A non profit organization is one that, like the name implies, doesn’t exist with the intention of making a profit. There’s a lot more that goes into it than that, though, and the lines between for profit and non-profit activities sometimes get blurred. An Illinois hospital recently learned a tough lesson in respecting those boundaries.
The Illinois hospital was not entitled to a charitable exemption from tax even though it had no capital, capital stock, or shareholders, and as a corporation, it did not profit from its enterprise. The hospital was formed as part of a conglomerate of six hospitals, and there was no evidence to show that the owner had built the hospital solely to relieve the county of the need to build a hospital. The evidence instead showed that the hospital did what most hospitals do – it sold and provided medical services. At most, only 3%-4% of the hospital’s total revenue was derived from public and private charity.
There was no record of the amount of charity that the owner provided. In fact, the charity-care program wasn’t even free. It was fee-based and looked only at a patient’s income relative to the federal poverty guidelines. It didn’t consider the amount of the medical bill or the patient’s other liabilities. Nor did the hospital spend a great deal of its time or money providing free medical services. Financial records showed that the hospital devoted only 0.7% of its revenue to charity care. Even though there isn’t a defined minimum (or maximum) percentage that a hospital needs to meet to be considered a charitable hospital, the court felt that with 0.7% the hospital wasn’t dispensing charity to all who needed it and, therefore, wasn’t being used exclusively for charitable purposes.

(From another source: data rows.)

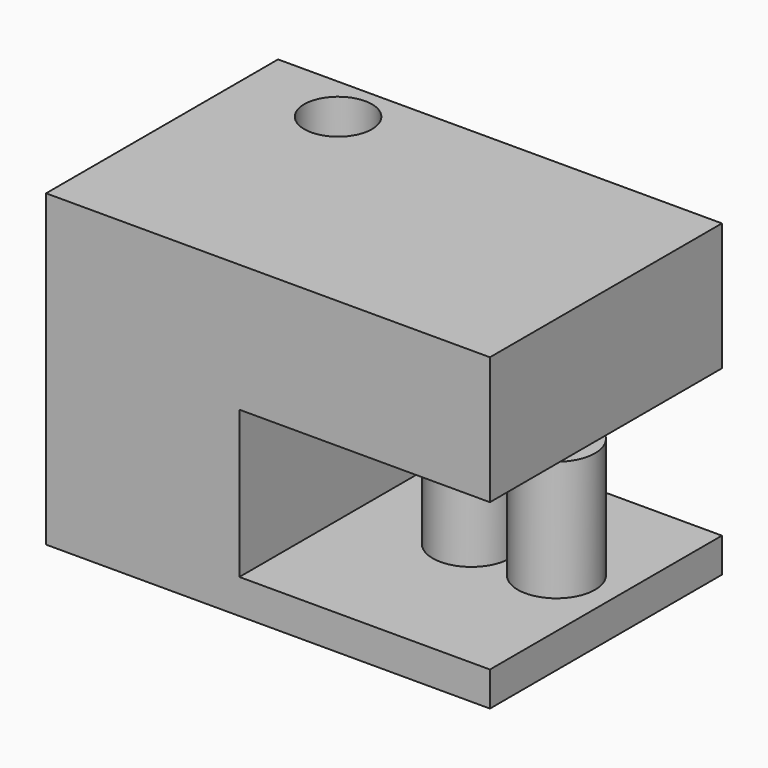
from build123d import *

# Parameters (mm, degrees)
F0_W           = 50
F0_H           = 75
F1_DEPTH       = 80
F2_D           = 3.3
F2_DEPTH       = 50
F2_CSINK_D     = 8.96
F2_CSINK_ANGLE = 90
F2_TIP         = 0.9914200214
F3_D           = 8.8
F3_DEPTH       = 20
F3_TIP         = 2.6437867237
F4_D           = 17.5
F5_W           = 75
F5_H           = 33.0074074864
F5_H_2         = 8.9014992118
F6_DEPTH       = 64.8
F8_R           = 10
F9_DEPTH       = 14.0455466509
F9_DEPTH_BACK  = 17.0455466509


with BuildPart() as f1:
    # F0 (on Top) → F1 (new body)
    with BuildSketch(Plane.XY):
        with Locations((-25, 0)):
            Rectangle(F0_W, F0_H)
    extrude(amount=F1_DEPTH)

    # F2
    with Locations(Plane(origin=(0, 0, 0), x_dir=(1, 0, 0), z_dir=(0, 0, -1))):
        with Locations((-34.0844392776, 22.1183039248), (40, 24.5), (40, -25.5), (-24.8667737842, -25.5)):
            CounterSinkHole(F2_D / 2, F2_CSINK_D / 2, depth=F2_DEPTH, counter_sink_angle=F2_CSINK_ANGLE)
            with Locations((0, 0, -(F2_DEPTH + F2_TIP / 2))):  # 118° drill point
                Cone(0, F2_D / 2, F2_TIP, mode=Mode.SUBTRACT)

    # F3
    with Locations(Plane(origin=(0, 0, 0), x_dir=(1, 0, 0), z_dir=(0, 0, -1))):
        with Locations((-34.0844392776, 22.1183039248)):
            Hole(F3_D / 2, depth=F3_DEPTH)
            with Locations((0, 0, -(F3_DEPTH + F3_TIP / 2))):  # 118° drill point
                Cone(0, F3_D / 2, F3_TIP, mode=Mode.SUBTRACT)

    # F4 (through all)
    with Locations(Plane(origin=(0, 0, 0), x_dir=(1, 0, 0), z_dir=(0, 0, -1))):
        with Locations((-24.8667737842, -25.5)):
            Hole(F4_D / 2)

    # F5 (on face) → F6 (join)
    with BuildSketch(Plane.YZ):
        with Locations((0, 63.4962962568)):
            Rectangle(F5_W, F5_H)
        with Locations((0, 4.4507496059)):
            Rectangle(F5_W, F5_H_2)
    extrude(amount=F6_DEPTH)


with BuildPart() as f9:
    # F8 (on mid) → F9 (new body, two sides)
    with BuildSketch(Plane.XY.offset(27.9470458627)) as f9_sk:
        with Locations((30, 0)):
            Circle(F8_R)
    extrude(amount=F9_DEPTH)
    extrude(f9_sk.sketch, amount=-F9_DEPTH_BACK)


with BuildPart() as f10_1:
    # F10: copy of F9
    add(f9.part.moved(Location((22, 0, 0))))


solid = Compound([f1.part, f9.part, f10_1.part])
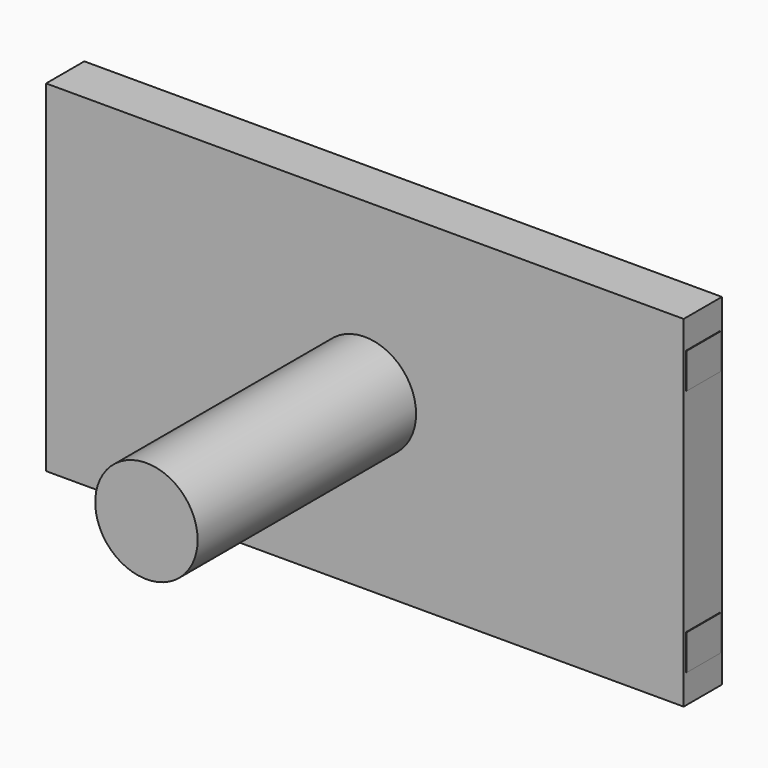
from build123d import *

# Parameters (mm, degrees)
F0_W     = 934
F0_H     = 500
F1_DEPTH = 70
F2_R     = 75
F3_DEPTH = 400
F4_W     = 62
F4_H     = 51.8
F5_DEPTH = 1


# Not quite as in the source:
# - a pattern or mirror of a feature is missing from the dataset's text; its kind, count and spacing are read off the source's solid


with BuildPart() as f1:
    # F0 (on Front) → F1 (new body)
    with BuildSketch(Plane.XZ):
        Rectangle(F0_W, F0_H)
    extrude(amount=F1_DEPTH)

    # F2 (on face) → F3 (join)
    with BuildSketch(Plane.XZ.offset(70)):
        Circle(F2_R)
    extrude(amount=F3_DEPTH)

    # F4 (on face) → F5 (join)
    with BuildSketch(Plane.YZ.offset(467)):
        with Locations((-35, 181.5)):
            Rectangle(F4_W, F4_H)
        with Locations((-35, -181.5)):
            Rectangle(F4_W, F4_H)
    f5 = extrude(amount=F5_DEPTH)

    # F5_copies: F5 across plane
    add(f5.mirror(Plane(origin=(0, 0, 0), x_dir=(0, 0, -1), z_dir=(-1, 0, 0))))


solid = f1.part
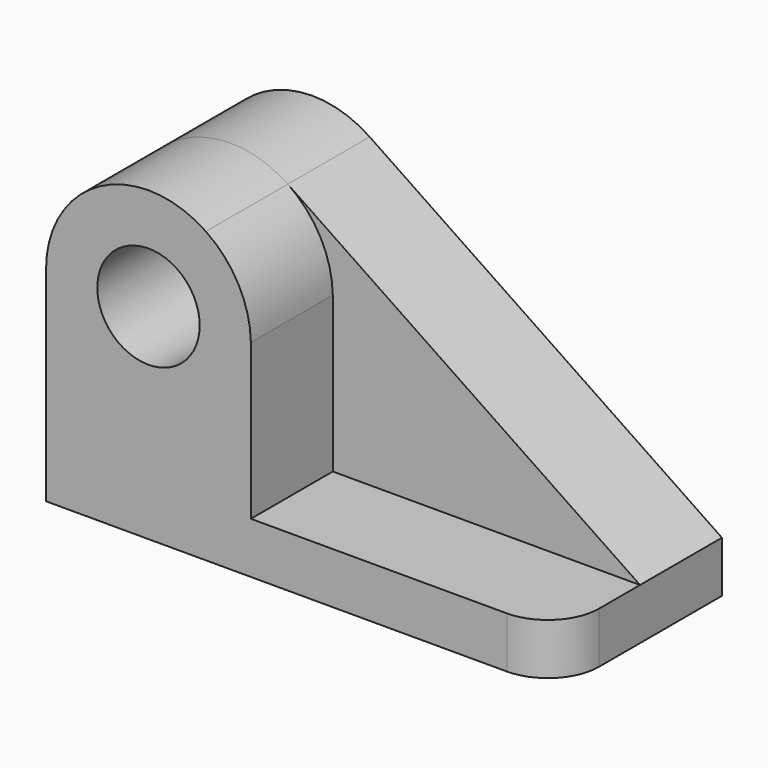
from build123d import *

# Parameters (mm, degrees)
F0_R     = 12.7
F1_DEPTH = 25.4
F2_R     = 12.7
F3_DEPTH = 25.4
F4_R     = 12.7


# Not quite as in the source:
# - ends of sketch curves that miss each other by under 0.0002 mm in the source are joined


with BuildPart() as f1:
    # F0 (on Front) → F1 (new body)
    with BuildSketch(Plane.XZ):
        with BuildLine():
            Line((50.5598429927, -25.9062238405), (-36.8059224535, 33.2085917174))
            ThreePointArc((-36.8059224535, 33.2085917174), (-62.9386576581, 34.612527229), (-76.4401570073, 12.1937761595))
            ThreePointArc((-76.4401570073, 12.1937761595), (-76.4401641327, 12.1827917596), (-76.4401665079, 12.1718073576))
            Line((-76.4401665079, 12.1718073576), (-76.4401570073, -38.6062238405))
            Line((-76.4401570073, -38.6062238405), (50.5598429927, -38.6062238405))
            Line((50.5598429927, -38.6062238405), (50.5598429927, -25.9062238405))
        make_face()
        with Locations((-51.0401665079, 12.1718073576)):
            Circle(F0_R, mode=Mode.SUBTRACT)
    extrude(amount=F1_DEPTH)

    # F2 (on face) → F3 (join)
    with BuildSketch(Plane.XZ.offset(25.4)):
        with BuildLine():
            Line((-25.643836125, -25.9062238405), (-25.643836125, 11.740622413))
            Line((-25.643836125, 11.740622413), (-25.643836125, 12.6029923022))
            ThreePointArc((-25.643836125, 12.6029923022), (-28.7064900796, 24.2700061726), (-36.8059277776, 33.2085838488))
            ThreePointArc((-36.8059277776, 33.2085838488), (-62.9386532076, 34.6125188354), (-76.4401475068, 12.1937761513))
            ThreePointArc((-76.4401475068, 12.1937761513), (-76.4401546322, 12.1827917555), (-76.4401570073, 12.1718073576))
            Line((-76.4401570073, 12.1718073576), (-76.4401570073, -25.9062238405))
            Line((-76.4401570073, -25.9062238405), (-76.4401570073, -38.6062238405))
            Line((-76.4401570073, -38.6062238405), (50.5598429927, -38.6062238405))
            Line((50.5598429927, -38.6062238405), (50.5598429927, -25.9062238405))
            Line((50.5598429927, -25.9062238405), (-25.643836125, -25.9062238405))
        make_face()
        with Locations((-51.0401665079, 12.1718073576)):
            Circle(F2_R, mode=Mode.SUBTRACT)
    extrude(amount=F3_DEPTH)

    # F4
    f4_edges = [f1.edges().sort_by_distance(p)[0] for p in [
        (50.559843, -50.8, -32.256224),
    ]]
    fillet(f4_edges, radius=F4_R)


solid = f1.part
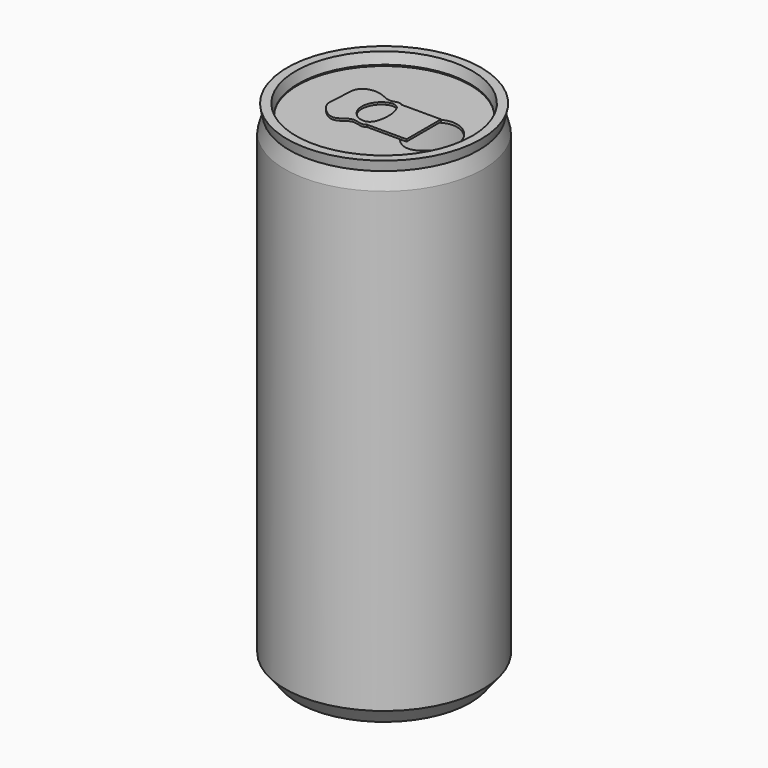
from build123d import *

# Parameters (mm, degrees)
F2_R      = 29.21
F4_R      = 29.21
F0_R      = 25.4
F8_R      = 27.94
F11_R     = 28.575
F13_T     = -2.54
F15_R     = 27.94
F16_DEPTH = 0.762
F18_DEPTH = 0.635


with BuildPart() as f5:
    # F2 (on offset) → F5 section 0
    with BuildSketch(Plane.XY.offset(4.826)):
        Circle(F2_R)
    # F4 (on offset) → F5 section 1
    with BuildSketch(Plane.XY.offset(139.7)):
        Circle(F4_R)
    loft()

    # F0 (on Top) → F6 section 0
    with BuildSketch(Plane.XY):
        Circle(F0_R)
    # F2 (on offset) → F6 section 1
    with BuildSketch(Plane.XY.offset(4.826)):
        Circle(F2_R)
    loft()

    # F4 (on offset) → F9 section 0
    with BuildSketch(Plane.XY.offset(139.7)):
        Circle(F4_R)
    # F8 (on offset) → F9 section 1
    with BuildSketch(Plane.XY.offset(144.272)):
        Circle(F8_R)
    loft()

    # F8 (on offset) → F12 section 0
    with BuildSketch(Plane.XY.offset(144.272)):
        Circle(F8_R)
    # F11 (on offset) → F12 section 1
    with BuildSketch(Plane.XY.offset(147.32)):
        Circle(F11_R)
    loft()

    # F13
    f13_openings = [f5.faces().sort_by_distance(p)[0] for p in [
        (0, 0, 147.32),
    ]]
    offset(amount=F13_T, openings=f13_openings, kind=Kind.INTERSECTION)

    # F15 (on offset) → F16 (join)
    with BuildSketch(Plane.XY.offset(143.764)):
        Circle(F15_R)
        with BuildLine():
            add(Edge.make_bspline(
                [(8.9813927189, -5.08), (10.307283956, -7.660759653), (15.5638091176, -11.3190362963), (24.5819782778, 0.156554303), (16.2046906326, 9.5661078257), (10.4008527308, 7.3320350733), (8.9813927189, 5.08)],
                knots=[0, 0, 0, 0, 0.1793099128, 0.3991725973, 0.6069429862, 0.7863905321, 0.7863905321, 0.7863905321, 0.7863905321], degree=3))
            add(Edge.make_bspline(
                [(8.9813927189, 5.08), (7.2917062072, 2.3992388266), (7.4018764658, -2.0055760179), (8.9813927189, -5.08)],
                knots=[0.7863905321, 0.7863905321, 0.7863905321, 0.7863905321, 1, 1, 1, 1], degree=3))
        make_face(mode=Mode.SUBTRACT)
        with BuildLine():
            add(Edge.make_bspline(
                [(8.9813927189, 5.08), (7.2917062072, 2.3992388266), (7.4018764658, -2.0055760179), (8.9813927189, -5.08)],
                knots=[0.7863905321, 0.7863905321, 0.7863905321, 0.7863905321, 1, 1, 1, 1], degree=3))
            Line((8.9813927189, -5.08), (8.9813927189, 0))
            Line((8.9813927189, 0), (8.9813927189, 5.08))
        make_face()
    extrude(amount=-F16_DEPTH)

    # F17 (on offset) → F18 (join)
    with BuildSketch(Plane.XY.offset(143.764)):
        with BuildLine():
            Line((11.6892714785, -6.35), (11.6892714785, 0))
            Line((11.6892714785, 0), (11.6892714785, 6.35))
            Line((11.6892714785, 6.35), (0, 6.35))
            add(Edge.make_bspline(
                [(0, -6.35), (1.8282559625, -4.4581892492), (1.6638111749, 4.50159086), (0, 6.35)],
                knots=[0.8311304713, 0.8311304713, 0.8311304713, 0.8311304713, 1, 1, 1, 1], degree=3))
            Line((0, -6.35), (11.6892714785, -6.35))
        make_face()
        with BuildLine():
            add(Edge.make_bspline(
                [(0, -6.35), (1.8282559625, -4.4581892492), (1.6638111749, 4.50159086), (0, 6.35)],
                knots=[0.8311304713, 0.8311304713, 0.8311304713, 0.8311304713, 1, 1, 1, 1], degree=3))
            add(Edge.make_bspline(
                [(0, 6.35), (-0.8350152674, 7.2776592654), (-3.4873611567, 5.389008621), (-7.2168226702, 8.4501082119), (-13.9400747086, 7.2984183342), (-13.0107401815, -0.2357314092), (-14.5251656567, -4.4878007238), (-8.0963607859, -10.2798866877), (-4.5226600604, -4.9183886243), (-1.0424695397, -7.4287084101), (0, -6.35)],
                knots=[0, 0, 0, 0, 0.0847503832, 0.1853664744, 0.2931999501, 0.4132443298, 0.5139191398, 0.6328846388, 0.7348412518, 0.8311304713, 0.8311304713, 0.8311304713, 0.8311304713], degree=3))
        make_face()
        with BuildLine():
            add(Edge.make_bspline(
                [(0, 4.6740733087), (-1.0550088408, 5.935167024), (-4.791474758, 5.2358502182), (-7.4773661307, 0.0019184091), (-4.9055168376, -5.0690387184), (1.6043119196, -6.306676079), (1.5736327616, 2.7930479473), (0, 4.6740733087)],
                knots=[0, 0, 0, 0, 0.1740799793, 0.3708117314, 0.5638311353, 0.7403453431, 1, 1, 1, 1], degree=3))
        make_face(mode=Mode.SUBTRACT)
    extrude(amount=F18_DEPTH)


solid = f5.part

When the court drilled down further, they found problems in the reduced-fee calculation, too. It was a straight percentage waiver – i.e., if your income qualified you to receive a 50% deduction that’s what you got – whether your bill was $1,000 or $50,000. The court didn’t see how such a policy truly benefitted the needy. In fact, after reviewing the financial records the court found that the owner’s average-cost method used to calculate the amount of charity care provided actually left the owner making a profit on those patients. At that point the court saw no charity being extended at all.
The court also looked at the hospital’s collection policies. They found that while it was not wrong for a charitable organization to use collection agencies, the owner had sent over 10,000 accounts to a collection agency while giving charity care to only 302 patients. This could (and did) lead to a reasonable assumption by the court that many of the hospital’s patients must not have been receiving charity care in the first place. After all, they were getting bills that they couldn’t afford to pay.
At the end of the day the court concluded that yes, the hospital did help everyone who came through the door, but the fact that they were billed and expected to pay for those services, did not make the hospital a charity.
The hospital lost the religious exemption as well. Again, despite its stated mission to serve as a Catholic health-care ministry and charitable hospital, the hospital was really run as a business (with religious overtones). This was evidenced by the facts that 99.99% of its patients were required to pay for treatment, its use of collection agencies, and its advertising expenditures.
On reading the file I got the sense the court was less than impressed with the hospital’s arguments or its defenders, who warned “adverse social consequences” would result if the exemption were denied. Referring to decisions in other jurisdictions, the court said that the term charity had become magical gibberish to sanctify any socially beneficial use of property that a court deemed worthy of subsidy. It also noted that the Illinois Constitution had a list of properties that were tax-exempt, and hospitals were not among them.